Hungary and immigrated to the United States, where he was given a position at Columbia

University in New York. Between 1939 and 1943, Bártok composed little, due to his demanding

schedule and financial difficulties. He returned to composing in the latter half of 1943, producing

monumental works such as the Concerto for Orchestra, which is considered his most popular

work. Bártok’s health began to deteriorate soon afterward; he was formally diagnosed with

leukemia and died from complications on September 26, 1945 at the age of sixty-four.

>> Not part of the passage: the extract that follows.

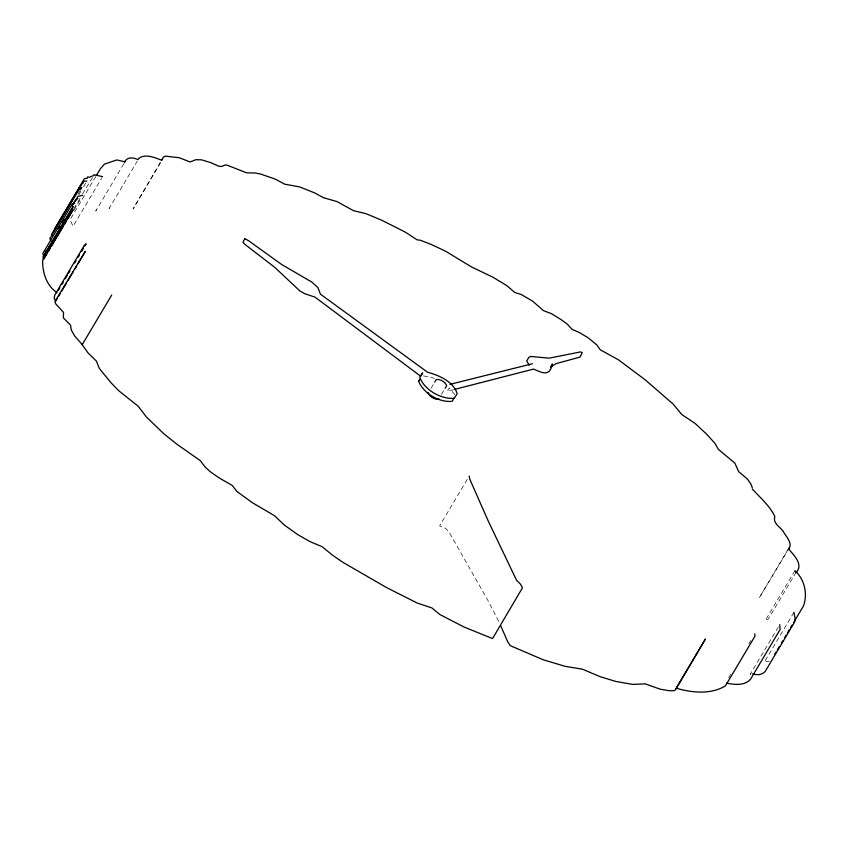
<?xml version="1.0" encoding="UTF-8"?>
<svg xmlns="http://www.w3.org/2000/svg" width="848" height="848" viewBox="0 0 848 848"><rect width="100%" height="100%" fill="white"/><g stroke="black" fill="none" stroke-linecap="round" stroke-linejoin="round"><path stroke-width="0.64" stroke-dasharray="4.24 3.18" d="M96.28 209.997L95.75 211.057L124.476 162.583M109.434 207.93L109.095 208.534L137.291 161.12M78.143 193.938L80.157 190.556M78.853 194.658L80.867 191.277M83.56 186.761L86.242 182.246M73.861 208.608L80.284 198.04M82.595 193.927L92.368 177.72M74.073 210.028L80.793 198.739M95.792 176.511L70.543 218.943L70.511 220.734L73.034 226.299L101.908 177.751M160.187 162.646L133.051 209.011L160.579 162.721M431.081 388.257L434.367 382.734M441.479 394.437L444.755 388.925M467.195 479.47L439.667 525.76L445.91 528.527L450.108 533.837L488.936 602.281L498.878 621.923M788.099 549.313L759.236 597.861L787.548 550.787M728.602 677.828L730.616 674.436M748.742 643.961L750.756 640.569M794.905 570.725L765.373 620.407L768.299 619.04L794.894 574.34M778.316 627.011L750.12 674.425L751.37 673.725M793.908 612.341L764.366 662.023L769.39 661.133M453.669 389.635L447.32 391.267L449.292 387.949L454.687 394.553M423.385 375.94L430.042 376.894L434.293 378.462"/><path stroke-width="1.27" d="M754.784 633.795L754.953 636.212L725.411 685.884C710.847 694.713 691.883 692.795 676.333 688.247L675.92 688.65M53.912 231.175L83.528 181.196L86.909 181.112M45.167 250.881L45.071 251.559M469.209 476.088L469.665 478.897L488.183 520.905L516.549 580.255L520.524 584.198L522.453 587.844L492.561 638.576L463.803 626.916L439.635 614.387L431.929 607.942L417.237 603.055L386.54 587.558L343.016 562.394L332.808 555.398L322.017 546.621L310.103 541.681L297.892 534.706L284.112 524.891L274.763 515.87L252.121 502.557L236.836 491.395L232.299 485.459L219.144 477.933L210.431 471.817L205.417 467.365L200.149 460.528L177.2 444.447L164.077 433.996L146.407 416.983L138.203 406.234L118.593 390.61L110.961 382.692L99.343 368.456L96.449 361.153L87.842 352.704L82.086 344.447L74.836 336.243L71.359 330.148L70.511 325.102L63.335 317.82L63.547 312.435L55.682 303.828L54.908 301.538L85.319 251.4L77.942 263.823M788.767 548.19L788.513 548.879C793.739 555.207 804.328 564.694 795.562 573.206M793.908 612.341L795.117 618.457L794.714 621.849L765.172 671.521C762.034 674.987 756.829 675.294 752.621 673.853M125.472 161.067L124.433 161.682L116.791 159.954L104.399 164.173L100.499 168.604L96.375 175.547M87.461 176.978L89.634 177.211L93.715 175.462M80.475 189.581L81.811 187.323L80.772 188.659L79.352 188.903L49.809 238.574L50.848 240.609M58.597 228.303L59.943 226.034M61.957 222.653L63.971 219.261M72.027 205.714L74.709 201.199L77.815 198.443M73.214 204.368L78.058 196.248L82.807 195.358M46.979 253.753L43.63 259.403L42.972 256.902L73.257 206.34L43.714 256.011L42.782 253.51L72.324 203.838L74.613 203.191M48.325 251.496L50.339 248.114M51.686 245.856L63.091 226.66M64.437 224.402L66.451 221.021M67.798 218.763L73.161 209.721L42.665 260.198C42.389 271.943 46.152 285.288 56.699 292.39L56.805 292.984M124.476 162.583C126.596 156.53 133.327 157.357 137.832 159.615L138.637 158.862M58.565 290.09L59.911 287.832M61.925 284.44L63.271 282.183M65.285 278.791L67.299 275.409M68.646 273.151L69.981 270.894M74.688 262.986L76.023 260.728M78.037 257.347L79.383 255.089M81.397 251.697L83.411 248.316M84.758 246.058L86.093 243.8L84.249 245.496L54.707 295.168L54.124 298.422L55.661 300.542M55.777 301.072L57.123 298.814M58.47 296.556L60.484 293.175M61.819 290.917L66.526 283.009M67.872 280.752L73.235 271.72M74.582 269.463L76.596 266.081M161.523 160.389L163.537 156.997L165.604 156.17L179.204 157.717L190.069 161.979L195.718 159.71L201.548 159.837L210.633 162.593L218.89 166.272L221.741 166.473L224.985 164.989L227.232 165.201L246.694 172.854L255.206 172.981L260.866 174.105L275.6 179.257L284.642 184.164L299.704 186.931L314.746 192.941L323.353 197.679L337.016 201.591L353.468 210.664L366.082 213.696L382.003 220.374L405.068 231.992L417.237 239.899L420.343 240.228L431.007 244.372L445.264 251.019L471.594 266.982L492.858 277.179L506.818 285.638L514.81 292.539L521.181 294.457L532.565 301.114L543.568 310.686L551.423 313.665L561.164 319.632L566.994 323.904L572.262 329.469L579.534 332.628L588.183 337.79L596.897 344.998L600.257 349.8L618.34 359.732L645.052 379.703L673.089 404.008L681.728 414.481L695.339 423.608L706.532 434.081L715.065 443.472L718.277 449.27L734.877 463.146L738.682 471.668L747.406 479.003L750.872 484.017L752.324 487.759M82.139 344.776L111.713 295.04M454.358 397.701L452.207 401.327C439.296 402.726 423.555 393.366 418.615 381.346L419.453 379.936M418.615 381.346L419.93 379.141M428.452 392.677L428.198 393.112C429.724 396.832 434.589 399.726 438.586 399.291L438.851 398.857M434.759 382.077L436.328 379.427C440.324 378.992 445.2 381.897 446.726 385.607L445.158 388.257M550.49 367.301L552.461 363.993C549.483 377.275 542.232 372.675 533.604 369.081L454.931 389.306M676.587 687.527L705.462 638.979L675.432 689.806L674.149 690.622L669.634 690.76L660.295 689.223L645.211 683.848L632.788 684.4L615.606 681.4L600.331 676.725L582.385 669.178L565.075 666.316L543.335 659.808L510.146 645.604L507.475 641.258L500.829 626.036M788.216 549.663C793.675 543.473 785.842 536.487 782.99 531.039C779.365 526.375 772.729 523.174 774.849 516.527C769.666 505.609 759.978 497.469 752.24 488.957M774.659 654.412L776.005 652.154M777.351 649.897L779.365 646.505M781.379 643.123L782.715 640.865M784.729 637.473L786.075 635.216M787.421 632.958L789.435 629.576M790.771 627.319L792.117 625.061M793.463 622.803L803.533 605.864C807.794 593.929 804.593 579.131 794.905 570.725M138.977 158.258C145.209 153.552 154.94 157.537 161.533 160.219L162.593 159.329M87.535 178.133L84.503 178.589L54.961 228.271L55.576 229.034M550.871 366.76L555.97 363.675L579.979 357.093L582.258 352.694L580.583 351.899L549.239 358.163L530.625 356.446L528.845 357.347L526.714 361.004L529.3 365.234M83.305 182.914L81.514 183.921L51.972 233.603L52.428 235.309M94.001 174.73L102.576 176.628M449.885 384.377L532.427 363.739M726.397 683.117C734.347 684.696 744.767 686.032 750.618 679.121L780.149 629.439L779.662 624.753M244.871 238.818L242.899 242.136L244.669 244.192L274.699 267.311L299.842 290.917L304.983 293.821L314.99 297.107L420.661 376.215L422.633 372.908L419.802 377.349C424.413 389.995 440.918 399.27 454.189 398.348L457.189 393.673C453.5 381.589 439.02 375.293 427.583 372.251L320.438 294.171L317.852 287.567L312.075 282.246L281.568 264.438L248.369 240.556L244.871 238.818"/></g></svg>
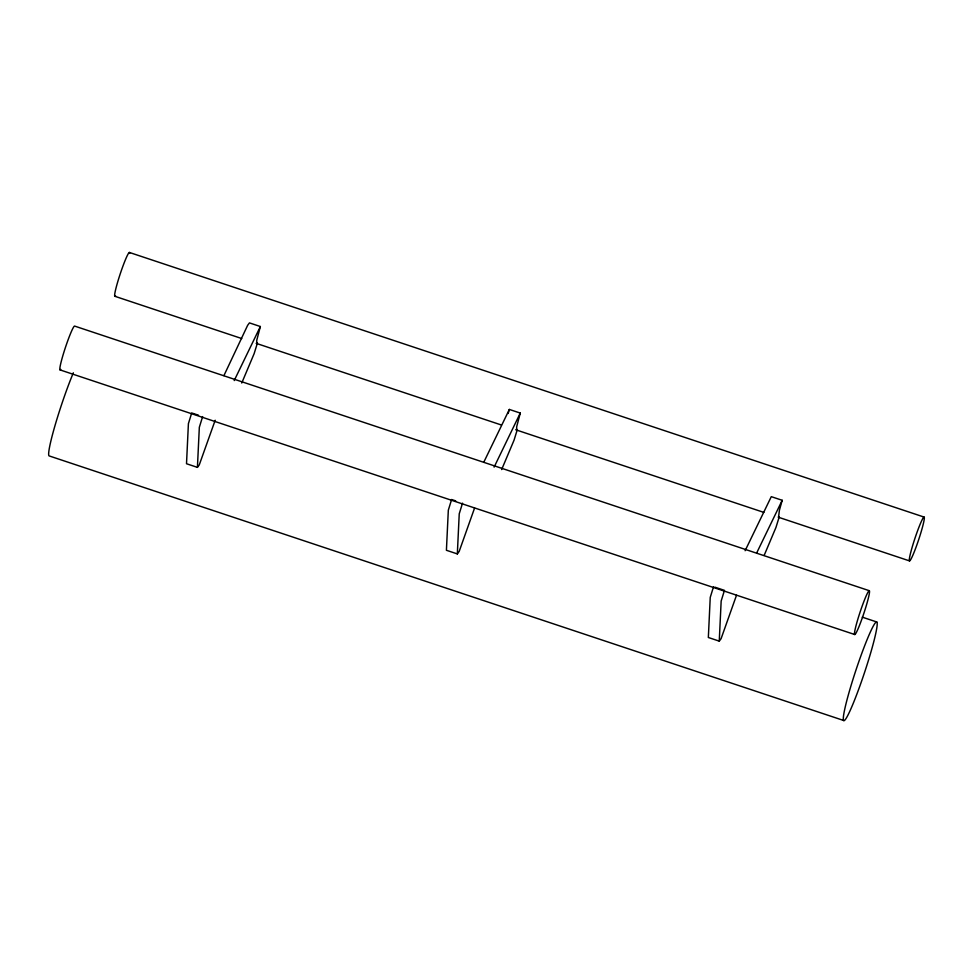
<?xml version="1.0" encoding="UTF-8"?>
<svg xmlns="http://www.w3.org/2000/svg" width="973" height="973" viewBox="0 0 973 973"><rect width="100%" height="100%" fill="white"/><g stroke="black" fill="none" stroke-linecap="round" stroke-linejoin="round"><path stroke-width="1.46" d="M198.528 415.24L191.705 412.966L188.409 423.644L186.512 463.732L197.422 467.368L199.331 427.281L202.627 416.602M455.705 500.876L451.606 499.514L448.322 510.193L446.412 550.28L457.334 553.917L459.232 513.829L462.528 503.15M713.537 586.731L710.241 597.41L708.344 637.497L719.254 641.134L721.163 601.046L724.459 590.368L714.9 587.181M223.924 375.602L247.629 325.347L249.453 322.89L260.363 326.527L256.775 340.197L256.714 343.518L257.431 342.983L254.135 353.661L241.742 383.034M508.174 413.452L509.353 409.438L520.275 413.075L516.687 426.733L516.614 430.066L517.332 429.519L514.048 440.197L501.642 469.57M745.111 550.718L771.285 496.656L782.195 500.292L779.397 510.314L778.546 517.283M779.264 516.748L775.968 527.427L764.158 555.401M215.191 420.251L199.258 464.912L197.422 467.368M474.581 508.04L459.159 551.46L457.334 553.917M736.512 595.257L721.09 638.677L719.254 641.134M234.201 380.589L260.363 326.527M483.824 462.139L509.353 409.438M494.102 467.137L520.275 413.075M756.666 552.992L782.195 500.292M129.445 252.469L924.131 517.089A23.097 1.982 -71.6 0 1 914.742 550.621A23.097 1.982 -71.6 0 1 911.579 549.259A23.097 1.982 -71.6 0 1 924.131 517.089M114.838 296.279L241.754 338.543M256.179 343.347L501.35 424.982M515.775 429.786L763.841 512.394M778.266 517.186L909.512 560.898M869.315 590.708A23.097 1.982 -71.6 0 0 856.775 622.878A23.097 1.982 -71.6 0 0 859.937 624.252A23.097 1.982 -71.6 0 0 869.315 590.708L74.641 326.089A23.097 1.982 -71.6 0 0 64.571 350.073A23.097 1.982 -71.6 0 0 60.74 369.351M862.297 617.162L876.722 621.966A51.958 4.451 -71.6 0 1 855.608 697.422A51.958 4.451 -71.6 0 1 848.492 694.357A51.958 4.451 -71.6 0 1 876.722 621.966M60.022 369.898L854.695 634.518M843.822 720.531L49.149 455.911A51.958 4.451 -71.6 0 1 55.072 425.347A51.958 4.451 -71.6 0 1 73.352 372.793M115.556 295.731A23.097 1.982 -71.6 0 1 120.324 273.583A23.097 1.982 -71.6 0 1 129.677 253.418"/></g></svg>

Page 2: Composer Profiles - Andrew Lesser Music Profiles Béla Bártok Born: Nagyszentmiklós, Hungary - 1881 Died: New York City, New York - 1945 ... Mikrokosmos (1939); Concerto for Orchestra

Works

Bártok is credited for two major stylistic innovations in the early twentieth century. First, the

breakdown of the traditional diatonic harmonies that composers of the Romantic Era and prior

had used was replaced in Bártok’s compositions with diverse elements including polytonality (the

use of two keys simultaneously), whole-tone, modal, and chromatic influences. Still, Bártok

maintained that he was primarily a “tonal” composer, though he declared that the concept of

tonality was outdated, and that to develop a more personal harmonic language, one must be freed

from “the tyrannical rule of the major and minor keys”. The second great contribution was the

renewed interest in nationalism as the source for musical material. Franz Liszt provided an early

inspiration for Bártok, and developed his technique of unifying smaller melodic elements into a

cyclical format from his Hungarian countryman. However, Liszt’s use of gypsy music was a source

of contention for Bártok, who believed that the music of the farmers and peasants truly

represented the authentic folk sound he sought to capture. Bártok considered using triadic

harmonies over folk melodies a corruption of the melodic integrity, and developed a harmonic

language that gave it a more natural quality. Bártok’s frequent use of interval relationships such as

seconds, fourths, and sevenths gave a new quality to his music free from any imitation or

Romantic tendencies. His music is normally characterized by irregular meters and driving

rhythms punctuated by offbeat accents and other articulations. The use of fugue and imitation

polyphony permeates his unique formal structures, and a variety of complex harmonic movement

is also a signature of Bártok’s work. His formats and musical techniques varied between his pieces,

all to better incorporate the music material together without sacrificing the authenticity of his

ideas. So adamant was he that all aspects of his music be performed exactly to his specifications,

that when the Budapest Philharmonic Society played his First Suite in 1915, with alterations made

by the directors, Bártok wrote to the organization, saying: “I must, under the circumstances,

declare that I should be exceptionally grateful to you if you would never again perform any of my

works”. After his death in 1945, statues and busts displaying his likeness were placed in Brussels,

London, New York, Turkey, and Budapest.

Suggested Listening

String Quartet No. 1 (1908); Bluebeard’s Castle

(1911); The Wooden Prince (1914); String Quartet

No. 2 (1915); The Miraculous Mandarin (1918);

Piano Concerto No. 1 (1926); Music for Strings,

Percussion, and Celesta (1936); Contrasts (1938);

Mikrokosmos (1939); Concerto for Orchestra

(1945)

Statue of Béla Bártok in Brussels, Belgium

by the Hungarian sculptor Imre Varga.